Instantons and rational homology spheres

Abstract

In previous work, the second author defined 'equivariant instanton homology groups' I(Y,π;R) for a rational homology 3-sphere Y, a set of auxiliary data π, and a PID R. These objects are modules over the cohomology ring H-*(BSO3;R). We prove that the equivariant instanton homology groups I(Y;R) are independent of the auxiliary data π, and thus define topological invariants of rational homology spheres. Further, we prove that these invariants are functorial under cobordisms of 3-manifolds with a path between the boundary components.

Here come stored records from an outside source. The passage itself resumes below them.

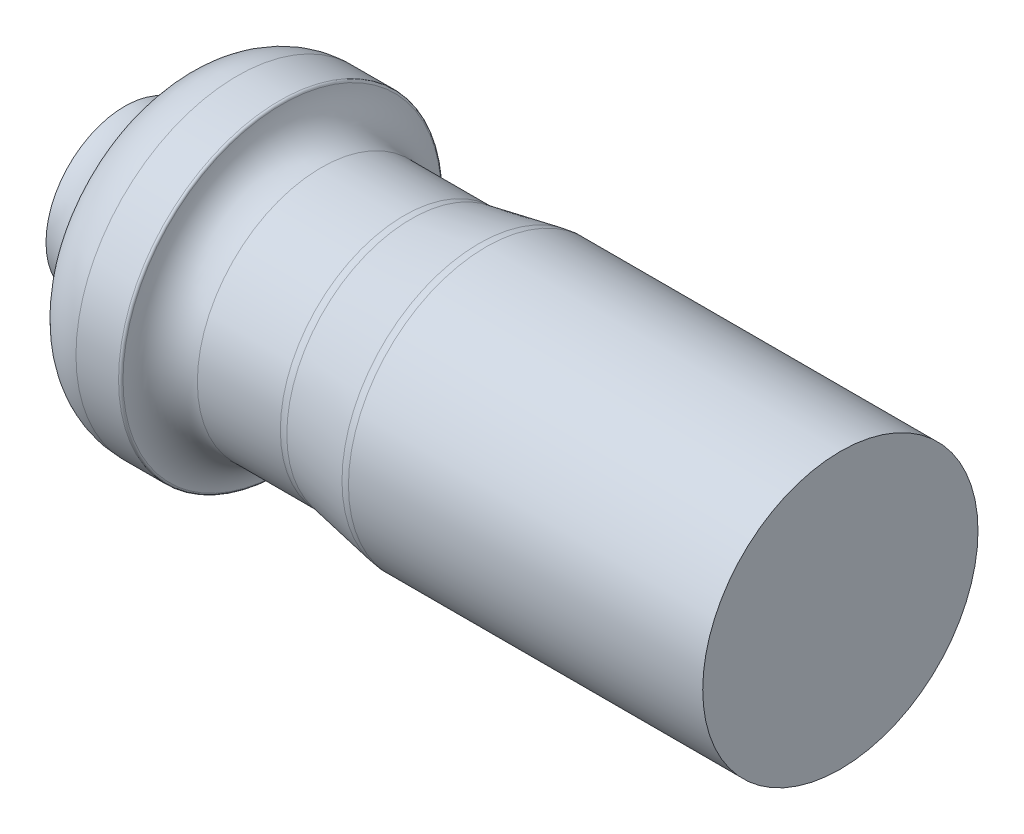
SolidWorks part; units mm, degrees
ref_plane "Front Plane" through (0, 0, 0) normal (0, 0, 1) x (1, 0, 0)
ref_plane "Top Plane" through (0, 0, 0) normal (0, 1, 0) x (1, 0, 0)
ref_plane "Right Plane" through (0, 0, 0) normal (1, 0, 0) x (0, 0, -1)
sketch "Sketch3" plane through (0, 0, 0) normal (0, 0, 1) x (1, 0, 0)
  line L0 (0, 0) -> (0, -50000) construction
  line L1 (0, 0) -> (50000, 0) construction
  line L2 (45.5, 0) -> (45.5, 17.5)
  line L3 (45.5, 17.5) -> (0, 17.5)
  line L4 (0, 17.5) -> (-9.5, 15.75)
  line L5 (-9.5, 15.75) -> (-25.5, 15.75)
  line L6 (-25.5, 15.75) -> (-25.5, 20.5)
  line L7 (-45.5, 0) -> (-45.5, 53.8042) construction
  line L8 (-25.5, 20.5) -> (-31.1909, 20.5)
  line L9 (-45.5, 10) -> (-36.3733, 10) construction
  line L10 (-45.5, 10) -> (-45.5, 0)
  line L11 (-45.5, 0) -> (45.5, 0)
  arc A0 (-45.5, 10) -> (-38.8224, 14.9) centre (-45.5, 17) ccw
  arc A1 (-38.8224, 14.9) -> (-31.1909, 20.5) centre (-31.1909, 12.5) cw
  dimension "D8" = 20
  dimension "D9" = 7
  dimension "D10" = 8
  dimension "D1" = 17.5
  dimension "D2" = 45.5
  dimension "D3" = 9.5
  dimension "D4" = 31.5
  dimension "D5" = 41
  dimension "D6" = 71
  dimension "D7" = 20
revolve "Revolve1" add sketch "Sketch3" angle 360 about L1
fillet "Fillet1" radius 5 1 edges at (-25.5, 0, 15.75)
fillet "Fillet2" radius 0.3 1 edges at (-25.5, 0, 20.5)
fillet "Fillet3" radius 5 2 edges at (0, 0, 17.5) (-9.5, 0, 15.75)
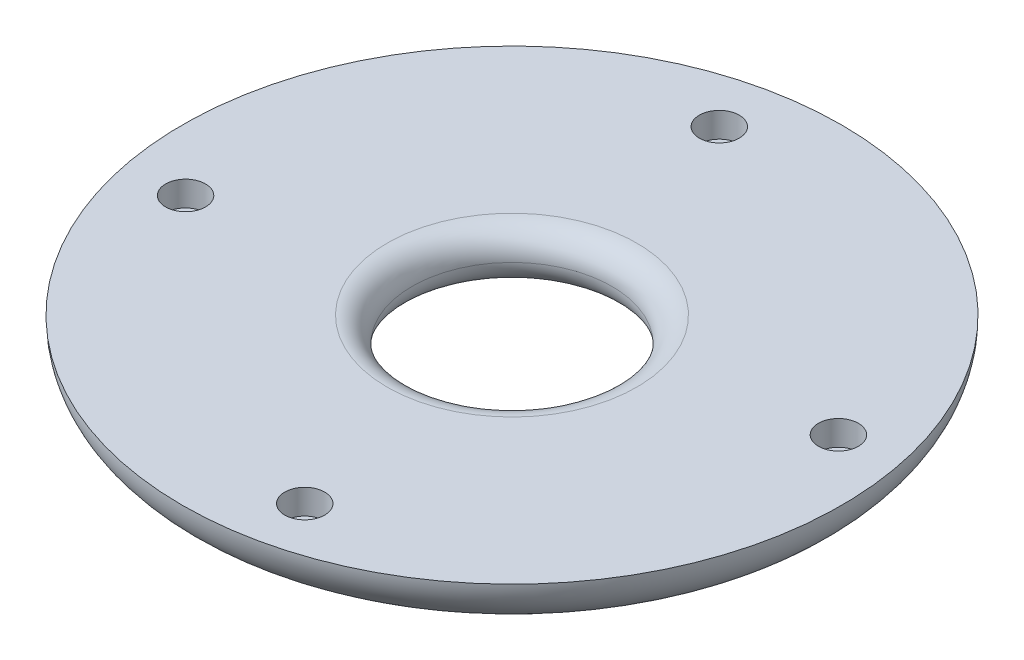
SolidWorks part; units mm, degrees
ref_plane "Front Plane" through (0, 0, 0) normal (0, 0, 1) x (1, 0, 0)
ref_plane "Top Plane" through (0, 0, 0) normal (0, 1, 0) x (1, 0, 0)
ref_plane "Right Plane" through (0, 0, 0) normal (1, 0, 0) x (0, 0, -1)
sketch "Sketch1" plane through (0, 0, 0) normal (0, 1, 0) x (1, 0, 0)
  circle A0 centre (0, 0) radius 33
extrude "Boss-Extrude1" add sketch "Sketch1" along normal blind 5
sketch "Sketch2" plane through (0, 5, 0) normal (0, 1, 0) x (1, 0, 0)
  circle A0 centre (-26.72, -5.9654) radius 2
  circle A1 centre (-5.9654, 26.72) radius 2
  circle A2 centre (26.72, 5.9654) radius 2
  circle A3 centre (5.9654, -26.72) radius 2
  point P11 (0, 0)
  dimension "D1" = 4
extrude "Cut-Extrude1" cut sketch "Sketch2" against normal blind 2.5
fillet "Fillet1" radius 5 1 edges at (0, 0, 33)
sketch "Sketch3" plane through (0, 0, 0) normal (0, -1, 0) x (1, 0, 0)
  line L0 (2, 25) -> (2, 20)
  line L1 (-25, 2) -> (-20, 2)
  line L2 (-25, 2) -> (-25, -2)
  line L3 (-25, -2) -> (-20, -2)
  line L4 (-20, 2) -> (-20, -2)
  line L5 (2, 25) -> (-2, 25)
  line L6 (2, 20) -> (-2, 20)
  line L7 (-2, 25) -> (-2, 20)
  line L8 (25, -2) -> (20, -2)
  line L9 (25, -2) -> (25, 2)
  line L10 (20, -2) -> (20, 2)
  line L11 (25, 2) -> (20, 2)
  line L12 (-2, -25) -> (-2, -20)
  line L13 (-2, -25) -> (2, -25)
  line L14 (-2, -20) -> (2, -20)
  line L15 (2, -25) -> (2, -20)
  circle A0 centre (0, 0) radius 28 construction
  point P22 (0, 0)
  dimension "D1" = 2
  dimension "D2" = 2
  dimension "D3" = 5
  dimension "D4" = 25
  dimension "D5" = 4
extrude "Boss-Extrude2" add sketch "Sketch3" along normal blind 5
fillet "Fillet2" radius 2.5 8 edges at (0, -5, 20) (0, -5, 25) (25, -5, 0) (20, -5, 0) (0, -5, -20) (0, -5, -25) (-25, -5, 0) (-20, -5, 0)
sketch "Sketch4" plane through (0, 0, -2) normal (0, 0, -1) x (-1, 0, 0)
  circle A0 centre (22.5, -2.5) radius 1
  circle A1 centre (-22.3542, -2.5) radius 1
extrude "Cut-Extrude2" cut sketch "Sketch4" against normal blind 5
sketch "Sketch5" plane through (-2, 0, 0) normal (-1, 0, 0) x (0, 0, 1)
  circle A0 centre (22.5, -2.5) radius 1
  circle A1 centre (-22.5, -2.5) radius 1
extrude "Cut-Extrude3" cut sketch "Sketch5" against normal blind 5
sketch "Sketch6" plane through (0, 0, 0) normal (0, -1, 0) x (1, 0, 0)
  circle A0 centre (0, 0) radius 10
extrude "Cut-Extrude4" cut sketch "Sketch6" against normal blind 5
fillet "Fillet3" radius 2.5 2 edges at (0, 5, -10) (0, 0, -10)

For any rational homology sphere Y, we may also define an analogue of Floer's irreducible instanton homology group of integer homology spheres I*(Y, π; R) which now depends on the auxiliary data π, unlike the equivariant instanton homology groups. However, our methods allow us to prove a precise "wall-crossing formula'' for I*(Y, π; R) as the auxiliary data π moves between adjacent chambers. We use this to define an instanton invariant λI(Y) ∈ Q of rational homology spheres, conjecturally equal to the Casson-Walker invariant. Our approach to invariance uses a novel technique known as a suspended flow category. Given an obstructed cobordism W: Y Y', which supports reducible instantons which can neither be cut out transversely nor be removed by a small change to the perturbation, we remove and replace a neighborhood of obstructed solutions in the moduli space of instantons. The resulting moduli spaces have a new type of boundary component, so do not define a chain map between the instanton chain complexes of Y and Y'. However, it does define a chain map between the instanton chain complex of Y and a sort of suspension of the instanton chain complex of Y'.